→ Your instructions
Transcribe, without any alteration, only the lines that begin at the line containing "2020-04-24 base program dari tirza" and run to the last line below.

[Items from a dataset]

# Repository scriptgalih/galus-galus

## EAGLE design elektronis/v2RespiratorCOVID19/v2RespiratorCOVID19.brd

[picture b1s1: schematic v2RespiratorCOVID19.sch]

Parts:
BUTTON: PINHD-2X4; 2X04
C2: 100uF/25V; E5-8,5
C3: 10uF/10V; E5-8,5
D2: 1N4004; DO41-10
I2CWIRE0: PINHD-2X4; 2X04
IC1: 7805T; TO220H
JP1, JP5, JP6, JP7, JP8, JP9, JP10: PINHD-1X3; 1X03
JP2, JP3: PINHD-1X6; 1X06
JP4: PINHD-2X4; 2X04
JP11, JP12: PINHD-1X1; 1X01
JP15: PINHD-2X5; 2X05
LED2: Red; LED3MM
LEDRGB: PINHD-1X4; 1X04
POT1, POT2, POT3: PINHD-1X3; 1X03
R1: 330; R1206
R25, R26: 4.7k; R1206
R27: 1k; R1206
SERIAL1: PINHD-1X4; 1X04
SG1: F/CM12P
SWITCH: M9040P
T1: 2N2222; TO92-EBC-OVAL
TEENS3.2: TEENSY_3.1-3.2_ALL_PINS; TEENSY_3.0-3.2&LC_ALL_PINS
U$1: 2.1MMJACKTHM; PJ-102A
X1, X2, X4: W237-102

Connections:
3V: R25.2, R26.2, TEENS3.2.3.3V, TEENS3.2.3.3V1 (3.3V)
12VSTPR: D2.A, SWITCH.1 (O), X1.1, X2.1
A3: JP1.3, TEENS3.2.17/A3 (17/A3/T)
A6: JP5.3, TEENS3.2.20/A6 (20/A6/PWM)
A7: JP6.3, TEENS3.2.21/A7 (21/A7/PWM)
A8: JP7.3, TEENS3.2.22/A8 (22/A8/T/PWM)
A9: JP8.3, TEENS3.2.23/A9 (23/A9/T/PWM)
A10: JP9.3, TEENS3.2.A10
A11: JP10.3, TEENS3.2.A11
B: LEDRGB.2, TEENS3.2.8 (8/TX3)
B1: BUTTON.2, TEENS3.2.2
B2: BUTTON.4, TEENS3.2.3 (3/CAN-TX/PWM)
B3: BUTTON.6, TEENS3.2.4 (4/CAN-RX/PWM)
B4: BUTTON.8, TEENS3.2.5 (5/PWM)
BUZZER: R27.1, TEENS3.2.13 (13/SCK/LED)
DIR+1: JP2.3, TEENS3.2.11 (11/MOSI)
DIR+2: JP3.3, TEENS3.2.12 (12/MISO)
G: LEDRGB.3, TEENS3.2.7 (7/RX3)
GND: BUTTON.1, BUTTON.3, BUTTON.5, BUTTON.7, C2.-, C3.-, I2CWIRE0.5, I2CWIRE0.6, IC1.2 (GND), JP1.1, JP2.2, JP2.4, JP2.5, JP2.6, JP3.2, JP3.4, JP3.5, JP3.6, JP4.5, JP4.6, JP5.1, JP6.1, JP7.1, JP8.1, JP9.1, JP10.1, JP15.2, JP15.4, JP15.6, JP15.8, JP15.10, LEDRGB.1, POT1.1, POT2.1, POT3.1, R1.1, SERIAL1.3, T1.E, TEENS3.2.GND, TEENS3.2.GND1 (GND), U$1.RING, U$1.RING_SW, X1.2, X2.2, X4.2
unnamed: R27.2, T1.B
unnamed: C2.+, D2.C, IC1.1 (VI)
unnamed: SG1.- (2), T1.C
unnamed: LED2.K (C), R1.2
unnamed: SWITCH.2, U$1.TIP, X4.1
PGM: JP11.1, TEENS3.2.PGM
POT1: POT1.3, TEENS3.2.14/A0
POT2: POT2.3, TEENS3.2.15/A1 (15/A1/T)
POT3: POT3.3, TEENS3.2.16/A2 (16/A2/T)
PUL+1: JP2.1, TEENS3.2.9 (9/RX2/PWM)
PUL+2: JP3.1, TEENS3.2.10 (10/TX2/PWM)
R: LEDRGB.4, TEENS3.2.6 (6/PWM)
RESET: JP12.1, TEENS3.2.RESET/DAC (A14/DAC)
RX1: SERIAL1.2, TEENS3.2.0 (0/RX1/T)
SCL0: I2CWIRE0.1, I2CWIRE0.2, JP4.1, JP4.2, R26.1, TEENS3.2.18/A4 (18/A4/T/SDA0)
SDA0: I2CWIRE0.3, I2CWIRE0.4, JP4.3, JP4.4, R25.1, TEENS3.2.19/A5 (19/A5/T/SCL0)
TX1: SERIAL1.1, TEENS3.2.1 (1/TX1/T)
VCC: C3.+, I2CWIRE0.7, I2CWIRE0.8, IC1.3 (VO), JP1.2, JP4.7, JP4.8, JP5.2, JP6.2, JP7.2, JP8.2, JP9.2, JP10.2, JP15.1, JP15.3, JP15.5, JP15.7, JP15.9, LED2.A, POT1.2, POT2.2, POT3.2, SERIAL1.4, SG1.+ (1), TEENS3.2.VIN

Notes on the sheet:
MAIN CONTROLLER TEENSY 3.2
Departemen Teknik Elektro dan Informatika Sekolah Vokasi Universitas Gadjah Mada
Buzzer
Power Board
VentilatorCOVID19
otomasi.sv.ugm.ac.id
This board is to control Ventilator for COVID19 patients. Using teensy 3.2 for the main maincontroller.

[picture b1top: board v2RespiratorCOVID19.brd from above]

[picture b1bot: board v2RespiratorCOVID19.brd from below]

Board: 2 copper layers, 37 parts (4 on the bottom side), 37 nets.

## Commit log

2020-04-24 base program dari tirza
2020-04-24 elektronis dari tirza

→ Solution
2020-04-24 base program dari tirza
2020-04-24 elektronis dari tirza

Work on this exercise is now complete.